Raw data:
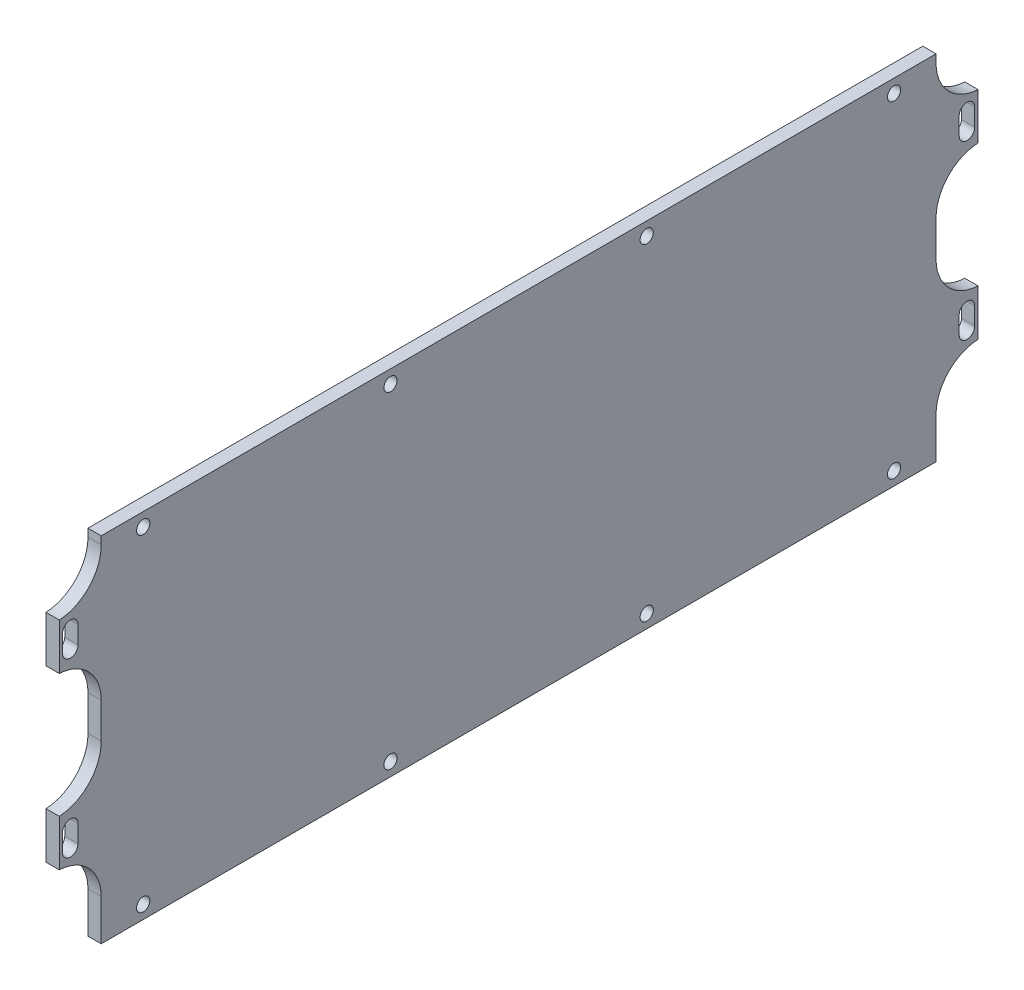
ISO-10303-21;
HEADER;
FILE_DESCRIPTION(('STEP AP214'),'2;1');
FILE_NAME('part.step','',(''),(''),'','','');
FILE_SCHEMA(('AUTOMOTIVE_DESIGN { 1 0 10303 214 1 1 1 1 }'));
ENDSEC;
DATA;
#1=APPLICATION_CONTEXT('core data for automotive mechanical design processes');
#2=APPLICATION_PROTOCOL_DEFINITION('international standard','automotive_design',2000,#1);
#3=PRODUCT_CONTEXT('',#1,'mechanical');
#4=PRODUCT('Part','Part','',(#3));
#5=PRODUCT_RELATED_PRODUCT_CATEGORY('part','',(#4));
#6=PRODUCT_DEFINITION_FORMATION('','',#4);
#7=PRODUCT_DEFINITION_CONTEXT('part definition',#1,'design');
#8=PRODUCT_DEFINITION('design','',#6,#7);
#9=PRODUCT_DEFINITION_SHAPE('','',#8);
#10=(LENGTH_UNIT() NAMED_UNIT(*) SI_UNIT(.MILLI.,.METRE.));
#11=(NAMED_UNIT(*) PLANE_ANGLE_UNIT() SI_UNIT($,.RADIAN.));
#12=(NAMED_UNIT(*) SI_UNIT($,.STERADIAN.) SOLID_ANGLE_UNIT());
#13=UNCERTAINTY_MEASURE_WITH_UNIT(LENGTH_MEASURE(1.E-05),#10,'distance_accuracy_value','');
#14=(GEOMETRIC_REPRESENTATION_CONTEXT(3) GLOBAL_UNCERTAINTY_ASSIGNED_CONTEXT((#13)) GLOBAL_UNIT_ASSIGNED_CONTEXT((#10,
#11,#12)) REPRESENTATION_CONTEXT('',''));
#15=CARTESIAN_POINT('',(0.,0.,0.));
#16=DIRECTION('',(0.,0.,1.));
#17=DIRECTION('',(1.,0.,0.));
#18=AXIS2_PLACEMENT_3D('',#15,#16,#17);
#19=CARTESIAN_POINT('',(-7.,21.25,-101.5));
#20=DIRECTION('',(1.,0.,0.));
#21=DIRECTION('',(0.,0.,-1.));
#22=AXIS2_PLACEMENT_3D('',#19,#20,#21);
#23=CYLINDRICAL_SURFACE('',#22,1.75);
#24=DIRECTION('',(1.,0.,0.));
#25=VECTOR('',#24,1.);
#26=CARTESIAN_POINT('',(0.,21.2500000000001,-99.75));
#27=LINE('',#26,#25);
#28=CARTESIAN_POINT('',(0.,21.2500000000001,-99.75));
#29=VERTEX_POINT('',#28);
#30=CARTESIAN_POINT('',(3.,21.2500000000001,-99.75));
#31=VERTEX_POINT('',#30);
#32=EDGE_CURVE('E301',#29,#31,#27,.T.);
#33=ORIENTED_EDGE('',*,*,#32,.T.);
#34=CARTESIAN_POINT('',(3.,21.25,-101.5));
#35=DIRECTION('',(1.,0.,0.));
#36=DIRECTION('',(0.,0.,-1.));
#37=AXIS2_PLACEMENT_3D('',#34,#35,#36);
#38=CIRCLE('',#37,1.75);
#39=CARTESIAN_POINT('',(3.,21.2500000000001,-103.25));
#40=VERTEX_POINT('',#39);
#41=EDGE_CURVE('E482',#31,#40,#38,.T.);
#42=ORIENTED_EDGE('',*,*,#41,.T.);
#43=DIRECTION('',(1.,0.,0.));
#44=VECTOR('',#43,1.);
#45=CARTESIAN_POINT('',(0.,21.2500000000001,-103.25));
#46=LINE('',#45,#44);
#47=CARTESIAN_POINT('',(0.,21.25,-103.25));
#48=VERTEX_POINT('',#47);
#49=EDGE_CURVE('E277',#48,#40,#46,.T.);
#50=ORIENTED_EDGE('',*,*,#49,.F.);
#51=CARTESIAN_POINT('',(0.,21.25,-101.5));
#52=DIRECTION('',(-1.,0.,0.));
#53=DIRECTION('',(0.,0.,1.));
#54=AXIS2_PLACEMENT_3D('',#51,#52,#53);
#55=CIRCLE('',#54,1.75);
#56=EDGE_CURVE('E291',#48,#29,#55,.T.);
#57=ORIENTED_EDGE('',*,*,#56,.T.);
#58=EDGE_LOOP('',(#33,#42,#50,#57));
#59=FACE_BOUND('',#58,.T.);
#60=ADVANCED_FACE('F34',(#59),#23,.F.);
#61=CARTESIAN_POINT('',(-7.,-17.75,-101.5));
#62=DIRECTION('',(1.,0.,0.));
#63=DIRECTION('',(0.,0.,-1.));
#64=AXIS2_PLACEMENT_3D('',#61,#62,#63);
#65=CYLINDRICAL_SURFACE('',#64,1.75);
#66=DIRECTION('',(1.,0.,0.));
#67=VECTOR('',#66,1.);
#68=CARTESIAN_POINT('',(0.,-17.75,-99.75));
#69=LINE('',#68,#67);
#70=CARTESIAN_POINT('',(0.,-17.75,-99.75));
#71=VERTEX_POINT('',#70);
#72=CARTESIAN_POINT('',(3.,-17.75,-99.75));
#73=VERTEX_POINT('',#72);
#74=EDGE_CURVE('E322',#71,#73,#69,.T.);
#75=ORIENTED_EDGE('',*,*,#74,.T.);
#76=CARTESIAN_POINT('',(3.,-17.75,-101.5));
#77=DIRECTION('',(1.,0.,0.));
#78=DIRECTION('',(0.,0.,-1.));
#79=AXIS2_PLACEMENT_3D('',#76,#77,#78);
#80=CIRCLE('',#79,1.75);
#81=CARTESIAN_POINT('',(3.,-17.75,-103.25));
#82=VERTEX_POINT('',#81);
#83=EDGE_CURVE('E473',#73,#82,#80,.T.);
#84=ORIENTED_EDGE('',*,*,#83,.T.);
#85=DIRECTION('',(1.,0.,0.));
#86=VECTOR('',#85,1.);
#87=CARTESIAN_POINT('',(0.,-17.75,-103.25));
#88=LINE('',#87,#86);
#89=CARTESIAN_POINT('',(0.,-17.75,-103.25));
#90=VERTEX_POINT('',#89);
#91=EDGE_CURVE('E343',#90,#82,#88,.T.);
#92=ORIENTED_EDGE('',*,*,#91,.F.);
#93=CARTESIAN_POINT('',(0.,-17.75,-101.5));
#94=DIRECTION('',(-1.,0.,0.));
#95=DIRECTION('',(0.,0.,1.));
#96=AXIS2_PLACEMENT_3D('',#93,#94,#95);
#97=CIRCLE('',#96,1.75);
#98=EDGE_CURVE('E485',#90,#71,#97,.T.);
#99=ORIENTED_EDGE('',*,*,#98,.T.);
#100=EDGE_LOOP('',(#75,#84,#92,#99));
#101=FACE_BOUND('',#100,.T.);
#102=ADVANCED_FACE('F684',(#101),#65,.F.);
#103=CARTESIAN_POINT('',(3.,0.,0.));
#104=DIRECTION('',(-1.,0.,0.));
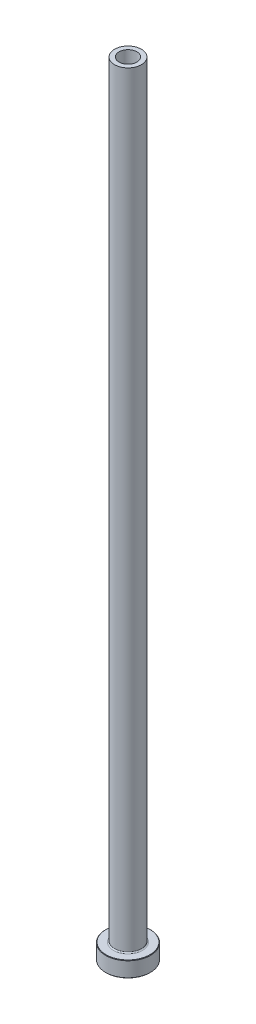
ISO-10303-21;
HEADER;
FILE_DESCRIPTION(('STEP AP214'),'2;1');
FILE_NAME('part.step','',(''),(''),'','','');
FILE_SCHEMA(('AUTOMOTIVE_DESIGN { 1 0 10303 214 1 1 1 1 }'));
ENDSEC;
DATA;
#1=APPLICATION_CONTEXT('core data for automotive mechanical design processes');
#2=APPLICATION_PROTOCOL_DEFINITION('international standard','automotive_design',2000,#1);
#3=PRODUCT_CONTEXT('',#1,'mechanical');
#4=PRODUCT('Part','Part','',(#3));
#5=PRODUCT_RELATED_PRODUCT_CATEGORY('part','',(#4));
#6=PRODUCT_DEFINITION_FORMATION('','',#4);
#7=PRODUCT_DEFINITION_CONTEXT('part definition',#1,'design');
#8=PRODUCT_DEFINITION('design','',#6,#7);
#9=PRODUCT_DEFINITION_SHAPE('','',#8);
#10=(LENGTH_UNIT() NAMED_UNIT(*) SI_UNIT(.MILLI.,.METRE.));
#11=(NAMED_UNIT(*) PLANE_ANGLE_UNIT() SI_UNIT($,.RADIAN.));
#12=(NAMED_UNIT(*) SI_UNIT($,.STERADIAN.) SOLID_ANGLE_UNIT());
#13=UNCERTAINTY_MEASURE_WITH_UNIT(LENGTH_MEASURE(1.E-05),#10,'distance_accuracy_value','');
#14=(GEOMETRIC_REPRESENTATION_CONTEXT(3) GLOBAL_UNCERTAINTY_ASSIGNED_CONTEXT((#13)) GLOBAL_UNIT_ASSIGNED_CONTEXT((#10,
#11,#12)) REPRESENTATION_CONTEXT('',''));
#15=CARTESIAN_POINT('',(0.,0.,0.));
#16=DIRECTION('',(0.,0.,1.));
#17=DIRECTION('',(1.,0.,0.));
#18=AXIS2_PLACEMENT_3D('',#15,#16,#17);
#19=CARTESIAN_POINT('',(0.,92.1876809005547,0.));
#20=DIRECTION('',(0.,1.,0.));
#21=DIRECTION('',(0.,0.,1.));
#22=AXIS2_PLACEMENT_3D('',#19,#20,#21);
#23=CYLINDRICAL_SURFACE('',#22,4.00000000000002);
#24=CARTESIAN_POINT('',(0.,350.,0.));
#25=DIRECTION('',(0.,1.,0.));
#26=DIRECTION('',(0.,0.,1.));
#27=AXIS2_PLACEMENT_3D('',#24,#25,#26);
#28=CIRCLE('',#27,4.00000000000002);
#29=CARTESIAN_POINT('',(0.,350.,4.00000000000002));
#30=VERTEX_POINT('',#29);
#31=EDGE_CURVE('E62',#30,#30,#28,.T.);
#32=ORIENTED_EDGE('',*,*,#31,.T.);
#33=EDGE_LOOP('',(#32));
#34=FACE_BOUND('',#33,.T.);
#35=CARTESIAN_POINT('',(0.,305.,0.));
#36=DIRECTION('',(0.,1.,0.));
#37=DIRECTION('',(0.,0.,1.));
#38=AXIS2_PLACEMENT_3D('',#35,#36,#37);
#39=CIRCLE('',#38,4.00000000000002);
#40=CARTESIAN_POINT('',(0.,305.,4.00000000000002));
#41=VERTEX_POINT('',#40);
#42=EDGE_CURVE('E71',#41,#41,#39,.T.);
#43=ORIENTED_EDGE('',*,*,#42,.F.);
#44=EDGE_LOOP('',(#43));
#45=FACE_BOUND('',#44,.T.);
#46=ADVANCED_FACE('F30',(#34,#45),#23,.F.);
#47=CARTESIAN_POINT('',(-4.00000000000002,350.,0.));
#48=DIRECTION('',(0.,1.,0.));
#49=DIRECTION('',(0.,0.,1.));
#50=AXIS2_PLACEMENT_3D('',#47,#48,#49);
#51=PLANE('',#50);
#52=CARTESIAN_POINT('',(0.,350.,0.));
#53=DIRECTION('',(0.,1.,0.));
#54=DIRECTION('',(0.,0.,1.));
#55=AXIS2_PLACEMENT_3D('',#52,#53,#54);
#56=CIRCLE('',#55,6.00000000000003);
#57=CARTESIAN_POINT('',(0.,350.,6.00000000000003));
#58=VERTEX_POINT('',#57);
#59=EDGE_CURVE('E65',#58,#58,#56,.T.);
#60=ORIENTED_EDGE('',*,*,#59,.T.);
#61=EDGE_LOOP('',(#60));
#62=FACE_BOUND('',#61,.T.);
#63=ORIENTED_EDGE('',*,*,#31,.F.);
#64=EDGE_LOOP('',(#63));
#65=FACE_BOUND('',#64,.T.);
#66=ADVANCED_FACE('F79',(#62,#65),#51,.T.);
#67=CARTESIAN_POINT('',(0.,92.1876809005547,0.));
#68=DIRECTION('',(0.,1.,0.));
#69=DIRECTION('',(0.,0.,1.));
#70=AXIS2_PLACEMENT_3D('',#67,#68,#69);
#71=CYLINDRICAL_SURFACE('',#70,6.00000000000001);
#72=CARTESIAN_POINT('',(0.,7.50000000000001,0.));
#73=DIRECTION('',(0.,1.,0.));
#74=DIRECTION('',(0.,0.,1.));
#75=AXIS2_PLACEMENT_3D('',#72,#73,#74);
#76=CIRCLE('',#75,6.00000000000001);
#77=CARTESIAN_POINT('',(0.,7.50000000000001,6.00000000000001));
#78=VERTEX_POINT('',#77);
#79=EDGE_CURVE('E59',#78,#78,#76,.T.);
#80=ORIENTED_EDGE('',*,*,#79,.T.);
#81=EDGE_LOOP('',(#80));
#82=FACE_BOUND('',#81,.T.);
#83=ORIENTED_EDGE('',*,*,#59,.F.);
#84=EDGE_LOOP('',(#83));
#85=FACE_BOUND('',#84,.T.);
#86=ADVANCED_FACE('F85',(#82,#85),#71,.T.);
#87=CARTESIAN_POINT('',(-5.99999999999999,7.,0.));
#88=DIRECTION('',(0.,1.,0.));
#89=DIRECTION('',(0.,0.,1.));
#90=AXIS2_PLACEMENT_3D('',#87,#88,#89);
#91=PLANE('',#90);
#92=CARTESIAN_POINT('',(0.,7.,0.));
#93=DIRECTION('',(0.,1.,0.));
#94=DIRECTION('',(0.,0.,1.));
#95=AXIS2_PLACEMENT_3D('',#92,#93,#94);
#96=CIRCLE('',#95,9.79999999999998);
#97=CARTESIAN_POINT('',(0.,7.,9.79999999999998));
#98=VERTEX_POINT('',#97);
#99=EDGE_CURVE('E53',#98,#98,#96,.T.);
#100=ORIENTED_EDGE('',*,*,#99,.T.);
#101=EDGE_LOOP('',(#100));
#102=FACE_BOUND('',#101,.T.);
#103=CARTESIAN_POINT('',(0.,7.,0.));
#104=DIRECTION('',(0.,1.,0.));
#105=DIRECTION('',(0.,0.,1.));
#106=AXIS2_PLACEMENT_3D('',#103,#104,#105);
#107=CIRCLE('',#106,6.50000000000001);
#108=CARTESIAN_POINT('',(0.,7.,6.50000000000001));
#109=VERTEX_POINT('',#108);
#110=EDGE_CURVE('E56',#109,#109,#107,.F.);
#111=ORIENTED_EDGE('',*,*,#110,.T.);
#112=EDGE_LOOP('',(#111));
#113=FACE_BOUND('',#112,.T.);
#114=ADVANCED_FACE('F111',(#102,#113),#91,.T.);
#115=CARTESIAN_POINT('',(0.,92.1876809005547,0.));
#116=DIRECTION('',(0.,1.,0.));
#117=DIRECTION('',(0.,0.,1.));
#118=AXIS2_PLACEMENT_3D('',#115,#116,#117);
#119=CYLINDRICAL_SURFACE('',#118,9.99999999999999);
#120=CARTESIAN_POINT('',(0.,6.79999999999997,0.));
#121=DIRECTION('',(0.,1.,0.));
#122=DIRECTION('',(0.,0.,1.));
#123=AXIS2_PLACEMENT_3D('',#120,#121,#122);
#124=CIRCLE('',#123,9.99999999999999);
#125=CARTESIAN_POINT('',(0.,6.79999999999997,9.99999999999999));
#126=VERTEX_POINT('',#125);
#127=EDGE_CURVE('E45',#126,#126,#124,.F.);
#128=ORIENTED_EDGE('',*,*,#127,.T.);
#129=EDGE_LOOP('',(#128));
#130=FACE_BOUND('',#129,.T.);
#131=CARTESIAN_POINT('',(0.,0.200000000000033,0.));
#132=DIRECTION('',(0.,-1.,0.));
#133=DIRECTION('',(0.,0.,-1.));
#134=AXIS2_PLACEMENT_3D('',#131,#132,#133);
#135=CIRCLE('',#134,9.99999999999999);
#136=CARTESIAN_POINT('',(0.,0.200000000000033,-9.99999999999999));
#137=VERTEX_POINT('',#136);
#138=EDGE_CURVE('E50',#137,#137,#135,.F.);
#139=ORIENTED_EDGE('',*,*,#138,.T.);
#140=EDGE_LOOP('',(#139));
#141=FACE_BOUND('',#140,.T.);
#142=ADVANCED_FACE('F108',(#130,#141),#119,.T.);
#143=CARTESIAN_POINT('',(-9.99999999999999,0.,0.));
#144=DIRECTION('',(0.,-1.,0.));
#145=DIRECTION('',(0.,0.,-1.));
#146=AXIS2_PLACEMENT_3D('',#143,#144,#145);
#147=PLANE('',#146);
#148=CARTESIAN_POINT('',(0.,0.,0.));
#149=DIRECTION('',(0.,-1.,0.));
#150=DIRECTION('',(0.,0.,-1.));
#151=AXIS2_PLACEMENT_3D('',#148,#149,#150);
#152=CIRCLE('',#151,4.75);
#153=CARTESIAN_POINT('',(0.,0.,-4.75));
#154=VERTEX_POINT('',#153);
#155=EDGE_CURVE('E37',#154,#154,#152,.F.);
#156=ORIENTED_EDGE('',*,*,#155,.T.);
#157=EDGE_LOOP('',(#156));
#158=FACE_BOUND('',#157,.T.);
#159=CARTESIAN_POINT('',(0.,0.,0.));
#160=DIRECTION('',(0.,-1.,0.));
#161=DIRECTION('',(0.,0.,-1.));
#162=AXIS2_PLACEMENT_3D('',#159,#160,#161);
#163=CIRCLE('',#162,9.79999999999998);
#164=CARTESIAN_POINT('',(0.,0.,-9.79999999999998));
#165=VERTEX_POINT('',#164);
#166=EDGE_CURVE('E41',#165,#165,#163,.T.);
#167=ORIENTED_EDGE('',*,*,#166,.T.);
#168=EDGE_LOOP('',(#167));
#169=FACE_BOUND('',#168,.T.);
#170=ADVANCED_FACE('F110',(#158,#169),#147,.T.);
#171=CARTESIAN_POINT('',(0.,92.1876809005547,0.));
#172=DIRECTION('',(0.,1.,0.));
#173=DIRECTION('',(0.,0.,1.));
#174=AXIS2_PLACEMENT_3D('',#171,#172,#173);
#175=CYLINDRICAL_SURFACE('',#174,4.25000000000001);
#176=CARTESIAN_POINT('',(0.,0.499999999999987,0.));
#177=DIRECTION('',(0.,-1.,0.));
#178=DIRECTION('',(0.,0.,-1.));
#179=AXIS2_PLACEMENT_3D('',#176,#177,#178);
#180=CIRCLE('',#179,4.25000000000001);
#181=CARTESIAN_POINT('',(0.,0.499999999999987,-4.25000000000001));
#182=VERTEX_POINT('',#181);
#183=EDGE_CURVE('E10',#182,#182,#180,.T.);
#184=ORIENTED_EDGE('',*,*,#183,.T.);
#185=EDGE_LOOP('',(#184));
#186=FACE_BOUND('',#185,.T.);
#187=CARTESIAN_POINT('',(0.,293.,0.));
#188=DIRECTION('',(0.,1.,0.));
#189=DIRECTION('',(0.,0.,1.));
#190=AXIS2_PLACEMENT_3D('',#187,#188,#189);
#191=CIRCLE('',#190,4.25000000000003);
#192=CARTESIAN_POINT('',(0.,293.,4.25000000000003));
#193=VERTEX_POINT('',#192);
#194=EDGE_CURVE('E68',#193,#193,#191,.T.);
#195=ORIENTED_EDGE('',*,*,#194,.T.);
#196=EDGE_LOOP('',(#195));
#197=FACE_BOUND('',#196,.T.);
#198=ADVANCED_FACE('F118',(#186,#197),#175,.F.);
#199=CARTESIAN_POINT('',(0.,293.,0.));
#200=DIRECTION('',(0.,-1.,0.));
#201=DIRECTION('',(0.,0.,-1.));
#202=AXIS2_PLACEMENT_3D('',#199,#200,#201);
#203=CONICAL_SURFACE('',#202,4.25000000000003,0.0208303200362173);
#204=ORIENTED_EDGE('',*,*,#42,.T.);
#205=EDGE_LOOP('',(#204));
#206=FACE_BOUND('',#205,.T.);
#207=ORIENTED_EDGE('',*,*,#194,.F.);
#208=EDGE_LOOP('',(#207));
#209=FACE_BOUND('',#208,.T.);
#210=ADVANCED_FACE('F75',(#206,#209),#203,.F.);
#211=CARTESIAN_POINT('',(0.,7.50000000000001,0.));
#212=DIRECTION('',(0.,1.,0.));
#213=DIRECTION('',(0.,0.,1.));
#214=AXIS2_PLACEMENT_3D('',#211,#212,#213);
#215=TOROIDAL_SURFACE('',#214,6.50000000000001,0.5);
#216=ORIENTED_EDGE('',*,*,#110,.F.);
#217=EDGE_LOOP('',(#216));
#218=FACE_BOUND('',#217,.T.);
#219=ORIENTED_EDGE('',*,*,#79,.F.);
#220=EDGE_LOOP('',(#219));
#221=FACE_BOUND('',#220,.T.);
#222=ADVANCED_FACE('F90',(#218,#221),#215,.F.);
#223=CARTESIAN_POINT('',(0.,7.00000000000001,0.));
#224=DIRECTION('',(0.,-1.,0.));
#225=DIRECTION('',(0.,0.,-1.));
#226=AXIS2_PLACEMENT_3D('',#223,#224,#225);
#227=CONICAL_SURFACE('',#226,9.79999999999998,0.785398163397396);
#228=ORIENTED_EDGE('',*,*,#127,.F.);
#229=EDGE_LOOP('',(#228));
#230=FACE_BOUND('',#229,.T.);
#231=ORIENTED_EDGE('',*,*,#99,.F.);
#232=EDGE_LOOP('',(#231));
#233=FACE_BOUND('',#232,.T.);
#234=ADVANCED_FACE('F93',(#230,#233),#227,.T.);
#235=CARTESIAN_POINT('',(0.,0.200000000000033,0.));
#236=DIRECTION('',(0.,1.,0.));
#237=DIRECTION('',(0.,0.,1.));
#238=AXIS2_PLACEMENT_3D('',#235,#236,#237);
#239=CONICAL_SURFACE('',#238,9.99999999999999,0.785398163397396);
#240=ORIENTED_EDGE('',*,*,#166,.F.);
#241=EDGE_LOOP('',(#240));
#242=FACE_BOUND('',#241,.T.);
#243=ORIENTED_EDGE('',*,*,#138,.F.);
#244=EDGE_LOOP('',(#243));
#245=FACE_BOUND('',#244,.T.);
#246=ADVANCED_FACE('F96',(#242,#245),#239,.T.);
#247=CARTESIAN_POINT('',(0.,0.,0.));
#248=DIRECTION('',(0.,-1.,0.));
#249=DIRECTION('',(0.,0.,-1.));
#250=AXIS2_PLACEMENT_3D('',#247,#248,#249);
#251=CONICAL_SURFACE('',#250,4.75,0.785398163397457);
#252=ORIENTED_EDGE('',*,*,#183,.F.);
#253=EDGE_LOOP('',(#252));
#254=FACE_BOUND('',#253,.T.);
#255=ORIENTED_EDGE('',*,*,#155,.F.);
#256=EDGE_LOOP('',(#255));
#257=FACE_BOUND('',#256,.T.);
#258=ADVANCED_FACE('F32',(#254,#257),#251,.F.);
#259=CLOSED_SHELL('',(#46,#66,#86,#114,#142,#170,#198,#210,#222,#234,#246,#258));
#260=MANIFOLD_SOLID_BREP('B2',#259);
#261=ADVANCED_BREP_SHAPE_REPRESENTATION('',(#18,#260),#14);
#262=SHAPE_DEFINITION_REPRESENTATION(#9,#261);
ENDSEC;
END-ISO-10303-21;

What you need to do:
From the material above, retype precisely the lines between the line holding "#96=AXIS2_PLACEMENT_3D('',#93,#94,#95);" and the line holding "#101=FACE_BOUND('',#100,.T.);", inclusive, and nothing beyond them.

Answer section:
#96=AXIS2_PLACEMENT_3D('',#93,#94,#95);
#97=CIRCLE('',#96,1.75);
#98=EDGE_CURVE('E485',#90,#71,#97,.T.);
#99=ORIENTED_EDGE('',*,*,#98,.T.);
#100=EDGE_LOOP('',(#75,#84,#92,#99));
#101=FACE_BOUND('',#100,.T.);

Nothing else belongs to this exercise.